Then C-c C-n n gives an error complaining that n is not in scope.
The same problem arises with non-public open.

Here is Thorsten Altenkirch's original feature request:

I have come across this little nuisance when using agda especially when doing life hacking in lectures or talks.

I try to evaluate an expression which depends on opening some modules which I have opened in my file but agda is not aware of this. E.g.

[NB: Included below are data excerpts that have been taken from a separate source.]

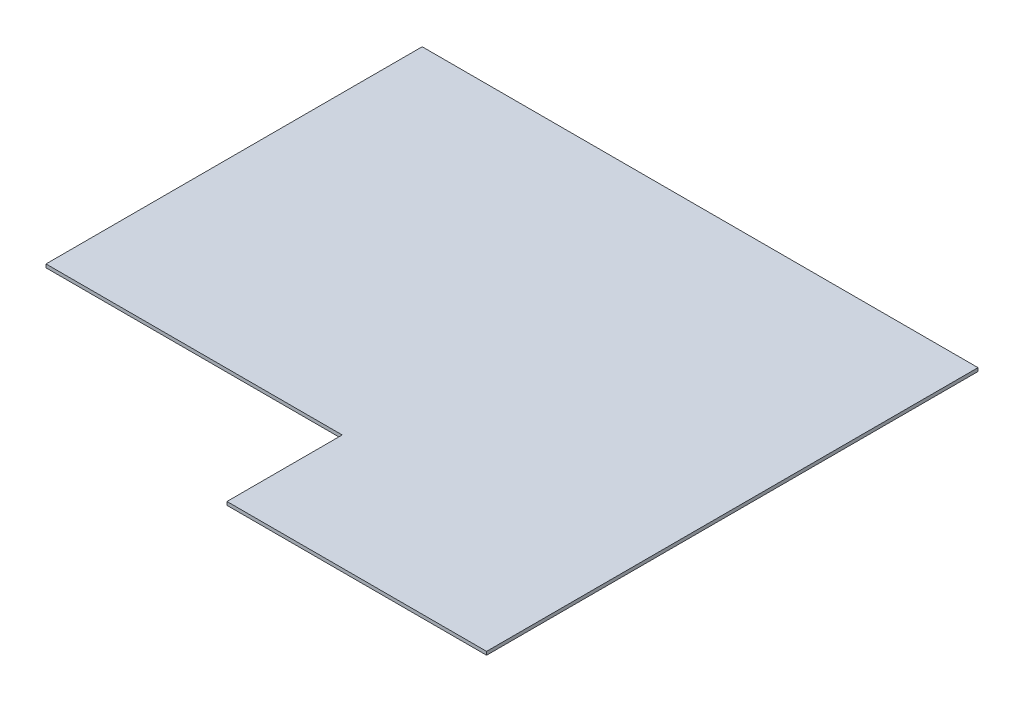
ISO-10303-21;
HEADER;
FILE_DESCRIPTION(('STEP AP214'),'2;1');
FILE_NAME('part.step','',(''),(''),'','','');
FILE_SCHEMA(('AUTOMOTIVE_DESIGN { 1 0 10303 214 1 1 1 1 }'));
ENDSEC;
DATA;
#1=APPLICATION_CONTEXT('core data for automotive mechanical design processes');
#2=APPLICATION_PROTOCOL_DEFINITION('international standard','automotive_design',2000,#1);
#3=PRODUCT_CONTEXT('',#1,'mechanical');
#4=PRODUCT('Part','Part','',(#3));
#5=PRODUCT_RELATED_PRODUCT_CATEGORY('part','',(#4));
#6=PRODUCT_DEFINITION_FORMATION('','',#4);
#7=PRODUCT_DEFINITION_CONTEXT('part definition',#1,'design');
#8=PRODUCT_DEFINITION('design','',#6,#7);
#9=PRODUCT_DEFINITION_SHAPE('','',#8);
#10=(LENGTH_UNIT() NAMED_UNIT(*) SI_UNIT(.MILLI.,.METRE.));
#11=(NAMED_UNIT(*) PLANE_ANGLE_UNIT() SI_UNIT($,.RADIAN.));
#12=(NAMED_UNIT(*) SI_UNIT($,.STERADIAN.) SOLID_ANGLE_UNIT());
#13=UNCERTAINTY_MEASURE_WITH_UNIT(LENGTH_MEASURE(1.E-05),#10,'distance_accuracy_value','');
#14=(GEOMETRIC_REPRESENTATION_CONTEXT(3) GLOBAL_UNCERTAINTY_ASSIGNED_CONTEXT((#13)) GLOBAL_UNIT_ASSIGNED_CONTEXT((#10,
#11,#12)) REPRESENTATION_CONTEXT('',''));
#15=CARTESIAN_POINT('',(0.,0.,0.));
#16=DIRECTION('',(0.,0.,1.));
#17=DIRECTION('',(1.,0.,0.));
#18=AXIS2_PLACEMENT_3D('',#15,#16,#17);
#19=CARTESIAN_POINT('',(0.,100.,-3400.));
#20=DIRECTION('',(1.,0.,0.));
#21=DIRECTION('',(0.,0.,-1.));
#22=AXIS2_PLACEMENT_3D('',#19,#20,#21);
#23=PLANE('',#22);
#24=DIRECTION('',(0.,0.,1.));
#25=VECTOR('',#24,1.);
#26=CARTESIAN_POINT('',(0.,0.,-3400.));
#27=LINE('',#26,#25);
#28=CARTESIAN_POINT('',(0.,0.,-14500.));
#29=VERTEX_POINT('',#28);
#30=CARTESIAN_POINT('',(0.,0.,-3400.));
#31=VERTEX_POINT('',#30);
#32=EDGE_CURVE('E118',#29,#31,#27,.T.);
#33=ORIENTED_EDGE('',*,*,#32,.T.);
#34=DIRECTION('',(0.,-1.,0.));
#35=VECTOR('',#34,1.);
#36=CARTESIAN_POINT('',(0.,100.,-3400.));
#37=LINE('',#36,#35);
#38=CARTESIAN_POINT('',(0.,100.,-3400.));
#39=VERTEX_POINT('',#38);
#40=EDGE_CURVE('E11',#39,#31,#37,.T.);
#41=ORIENTED_EDGE('',*,*,#40,.F.);
#42=DIRECTION('',(0.,0.,1.));
#43=VECTOR('',#42,1.);
#44=CARTESIAN_POINT('',(0.,100.,-3400.));
#45=LINE('',#44,#43);
#46=CARTESIAN_POINT('',(0.,100.,-14500.));
#47=VERTEX_POINT('',#46);
#48=EDGE_CURVE('E128',#47,#39,#45,.T.);
#49=ORIENTED_EDGE('',*,*,#48,.F.);
#50=DIRECTION('',(0.,-1.,0.));
#51=VECTOR('',#50,1.);
#52=CARTESIAN_POINT('',(0.,100.,-14500.));
#53=LINE('',#52,#51);
#54=EDGE_CURVE('E114',#47,#29,#53,.T.);
#55=ORIENTED_EDGE('',*,*,#54,.T.);
#56=EDGE_LOOP('',(#33,#41,#49,#55));
#57=FACE_BOUND('',#56,.T.);
#58=ADVANCED_FACE('F34',(#57),#23,.F.);
#59=CARTESIAN_POINT('',(8740.,100.,-3400.));
#60=DIRECTION('',(0.,0.,-1.));
#61=DIRECTION('',(-1.,0.,0.));
#62=AXIS2_PLACEMENT_3D('',#59,#60,#61);
#63=PLANE('',#62);
#64=DIRECTION('',(1.,0.,0.));
#65=VECTOR('',#64,1.);
#66=CARTESIAN_POINT('',(8740.,0.,-3400.));
#67=LINE('',#66,#65);
#68=CARTESIAN_POINT('',(8740.,0.,-3400.));
#69=VERTEX_POINT('',#68);
#70=EDGE_CURVE('E121',#31,#69,#67,.T.);
#71=ORIENTED_EDGE('',*,*,#70,.T.);
#72=DIRECTION('',(0.,-1.,0.));
#73=VECTOR('',#72,1.);
#74=CARTESIAN_POINT('',(8740.,100.,-3400.));
#75=LINE('',#74,#73);
#76=CARTESIAN_POINT('',(8740.,100.,-3400.));
#77=VERTEX_POINT('',#76);
#78=EDGE_CURVE('E42',#77,#69,#75,.T.);
#79=ORIENTED_EDGE('',*,*,#78,.F.);
#80=DIRECTION('',(1.,0.,0.));
#81=VECTOR('',#80,1.);
#82=CARTESIAN_POINT('',(8740.,100.,-3400.));
#83=LINE('',#82,#81);
#84=EDGE_CURVE('E87',#39,#77,#83,.T.);
#85=ORIENTED_EDGE('',*,*,#84,.F.);
#86=ORIENTED_EDGE('',*,*,#40,.T.);
#87=EDGE_LOOP('',(#71,#79,#85,#86));
#88=FACE_BOUND('',#87,.T.);
#89=ADVANCED_FACE('F152',(#88),#63,.F.);
#90=CARTESIAN_POINT('',(8740.,100.,7.81617874628674E-13));
#91=DIRECTION('',(1.,0.,0.));
#92=DIRECTION('',(0.,0.,-1.));
#93=AXIS2_PLACEMENT_3D('',#90,#91,#92);
#94=PLANE('',#93);
#95=DIRECTION('',(0.,0.,1.));
#96=VECTOR('',#95,1.);
#97=CARTESIAN_POINT('',(8740.,0.,7.81617874628674E-13));
#98=LINE('',#97,#96);
#99=CARTESIAN_POINT('',(8740.,0.,7.81617874628674E-13));
#100=VERTEX_POINT('',#99);
#101=EDGE_CURVE('E123',#69,#100,#98,.T.);
#102=ORIENTED_EDGE('',*,*,#101,.T.);
#103=DIRECTION('',(0.,-1.,0.));
#104=VECTOR('',#103,1.);
#105=CARTESIAN_POINT('',(8740.,100.,7.81617874628674E-13));
#106=LINE('',#105,#104);
#107=CARTESIAN_POINT('',(8740.,100.,7.81617874628674E-13));
#108=VERTEX_POINT('',#107);
#109=EDGE_CURVE('E109',#108,#100,#106,.T.);
#110=ORIENTED_EDGE('',*,*,#109,.F.);
#111=DIRECTION('',(0.,0.,1.));
#112=VECTOR('',#111,1.);
#113=CARTESIAN_POINT('',(8740.,100.,7.81617874628674E-13));
#114=LINE('',#113,#112);
#115=EDGE_CURVE('E100',#77,#108,#114,.T.);
#116=ORIENTED_EDGE('',*,*,#115,.F.);
#117=ORIENTED_EDGE('',*,*,#78,.T.);
#118=EDGE_LOOP('',(#102,#110,#116,#117));
#119=FACE_BOUND('',#118,.T.);
#120=ADVANCED_FACE('F134',(#119),#94,.F.);
#121=CARTESIAN_POINT('',(16400.,100.,-1.56461573518199E-13));
#122=DIRECTION('',(0.,0.,-1.));
#123=DIRECTION('',(-1.,0.,0.));
#124=AXIS2_PLACEMENT_3D('',#121,#122,#123);
#125=PLANE('',#124);
#126=DIRECTION('',(1.,0.,0.));
#127=VECTOR('',#126,1.);
#128=CARTESIAN_POINT('',(16400.,0.,-1.56461573518199E-13));
#129=LINE('',#128,#127);
#130=CARTESIAN_POINT('',(16400.,0.,-1.56461573518199E-13));
#131=VERTEX_POINT('',#130);
#132=EDGE_CURVE('E108',#100,#131,#129,.T.);
#133=ORIENTED_EDGE('',*,*,#132,.T.);
#134=DIRECTION('',(0.,-1.,0.));
#135=VECTOR('',#134,1.);
#136=CARTESIAN_POINT('',(16400.,100.,-1.56461573518199E-13));
#137=LINE('',#136,#135);
#138=CARTESIAN_POINT('',(16400.,100.,-1.56461573518199E-13));
#139=VERTEX_POINT('',#138);
#140=EDGE_CURVE('E105',#139,#131,#137,.T.);
#141=ORIENTED_EDGE('',*,*,#140,.F.);
#142=DIRECTION('',(1.,0.,0.));
#143=VECTOR('',#142,1.);
#144=CARTESIAN_POINT('',(16400.,100.,-1.56461573518199E-13));
#145=LINE('',#144,#143);
#146=EDGE_CURVE('E94',#108,#139,#145,.T.);
#147=ORIENTED_EDGE('',*,*,#146,.F.);
#148=ORIENTED_EDGE('',*,*,#109,.T.);
#149=EDGE_LOOP('',(#133,#141,#147,#148));
#150=FACE_BOUND('',#149,.T.);
#151=ADVANCED_FACE('F106',(#150),#125,.F.);
#152=CARTESIAN_POINT('',(16400.,100.,-14500.));
#153=DIRECTION('',(-1.,0.,0.));
#154=DIRECTION('',(0.,0.,1.));
#155=AXIS2_PLACEMENT_3D('',#152,#153,#154);
#156=PLANE('',#155);
#157=DIRECTION('',(0.,0.,-1.));
#158=VECTOR('',#157,1.);
#159=CARTESIAN_POINT('',(16400.,0.,-14500.));
#160=LINE('',#159,#158);
#161=CARTESIAN_POINT('',(16400.,0.,-14500.));
#162=VERTEX_POINT('',#161);
#163=EDGE_CURVE('E73',#131,#162,#160,.T.);
#164=ORIENTED_EDGE('',*,*,#163,.T.);
#165=DIRECTION('',(0.,-1.,0.));
#166=VECTOR('',#165,1.);
#167=CARTESIAN_POINT('',(16400.,100.,-14500.));
#168=LINE('',#167,#166);
#169=CARTESIAN_POINT('',(16400.,100.,-14500.));
#170=VERTEX_POINT('',#169);
#171=EDGE_CURVE('E110',#170,#162,#168,.T.);
#172=ORIENTED_EDGE('',*,*,#171,.F.);
#173=DIRECTION('',(0.,0.,-1.));
#174=VECTOR('',#173,1.);
#175=CARTESIAN_POINT('',(16400.,100.,-14500.));
#176=LINE('',#175,#174);
#177=EDGE_CURVE('E98',#139,#170,#176,.T.);
#178=ORIENTED_EDGE('',*,*,#177,.F.);
#179=ORIENTED_EDGE('',*,*,#140,.T.);
#180=EDGE_LOOP('',(#164,#172,#178,#179));
#181=FACE_BOUND('',#180,.T.);
#182=ADVANCED_FACE('F112',(#181),#156,.F.);
#183=CARTESIAN_POINT('',(0.,100.,-14500.));
#184=DIRECTION('',(0.,0.,1.));
#185=DIRECTION('',(1.,0.,0.));
#186=AXIS2_PLACEMENT_3D('',#183,#184,#185);
#187=PLANE('',#186);
#188=DIRECTION('',(-1.,0.,0.));
#189=VECTOR('',#188,1.);
#190=CARTESIAN_POINT('',(0.,0.,-14500.));
#191=LINE('',#190,#189);
#192=EDGE_CURVE('E79',#162,#29,#191,.T.);
#193=ORIENTED_EDGE('',*,*,#192,.T.);
#194=ORIENTED_EDGE('',*,*,#54,.F.);
#195=DIRECTION('',(-1.,0.,0.));
#196=VECTOR('',#195,1.);
#197=CARTESIAN_POINT('',(0.,100.,-14500.));
#198=LINE('',#197,#196);
#199=EDGE_CURVE('E50',#170,#47,#198,.T.);
#200=ORIENTED_EDGE('',*,*,#199,.F.);
#201=ORIENTED_EDGE('',*,*,#171,.T.);
#202=EDGE_LOOP('',(#193,#194,#200,#201));
#203=FACE_BOUND('',#202,.T.);
#204=ADVANCED_FACE('F141',(#203),#187,.F.);
#205=CARTESIAN_POINT('',(0.,100.,-14500.));
#206=DIRECTION('',(0.,-1.,0.));
#207=DIRECTION('',(0.,0.,-1.));
#208=AXIS2_PLACEMENT_3D('',#205,#206,#207);
#209=PLANE('',#208);
#210=ORIENTED_EDGE('',*,*,#48,.T.);
#211=ORIENTED_EDGE('',*,*,#84,.T.);
#212=ORIENTED_EDGE('',*,*,#115,.T.);
#213=ORIENTED_EDGE('',*,*,#146,.T.);
#214=ORIENTED_EDGE('',*,*,#177,.T.);
#215=ORIENTED_EDGE('',*,*,#199,.T.);
#216=EDGE_LOOP('',(#210,#211,#212,#213,#214,#215));
#217=FACE_BOUND('',#216,.T.);
#218=ADVANCED_FACE('F96',(#217),#209,.F.);
#219=CARTESIAN_POINT('',(0.,0.,-14500.));
#220=DIRECTION('',(0.,-1.,0.));
#221=DIRECTION('',(0.,0.,-1.));
#222=AXIS2_PLACEMENT_3D('',#219,#220,#221);
#223=PLANE('',#222);
#224=ORIENTED_EDGE('',*,*,#32,.F.);
#225=ORIENTED_EDGE('',*,*,#192,.F.);
#226=ORIENTED_EDGE('',*,*,#163,.F.);
#227=ORIENTED_EDGE('',*,*,#132,.F.);
#228=ORIENTED_EDGE('',*,*,#101,.F.);
#229=ORIENTED_EDGE('',*,*,#70,.F.);
#230=EDGE_LOOP('',(#224,#225,#226,#227,#228,#229));
#231=FACE_BOUND('',#230,.T.);
#232=ADVANCED_FACE('F137',(#231),#223,.T.);
#233=CLOSED_SHELL('',(#58,#89,#120,#151,#182,#204,#218,#232));
#234=MANIFOLD_SOLID_BREP('B2',#233);
#235=ADVANCED_BREP_SHAPE_REPRESENTATION('',(#18,#234),#14);
#236=SHAPE_DEFINITION_REPRESENTATION(#9,#235);
ENDSEC;
END-ISO-10303-21;

record Stream (A : Set) : Set where
  constructor _∷_
  coinductive
  field
    hd : A
    tl : Stream A

open Stream

from : Stream ℕ
hd (from n) = n
tl (from n) = from (suc n)

And then I say C-c C-n hd (from 0) and agda responds

1,1-3
Not in scope:
  hd at 1,1-3 (did you mean 'Stream.hd'?)
when scope checking hd

Ok I can just introduce a shed

x = {!!}

and evaluate inside there but this is a bit clumsy. Isn’t there a better way to do this?

Ok I can say open Stream public – but do I want this?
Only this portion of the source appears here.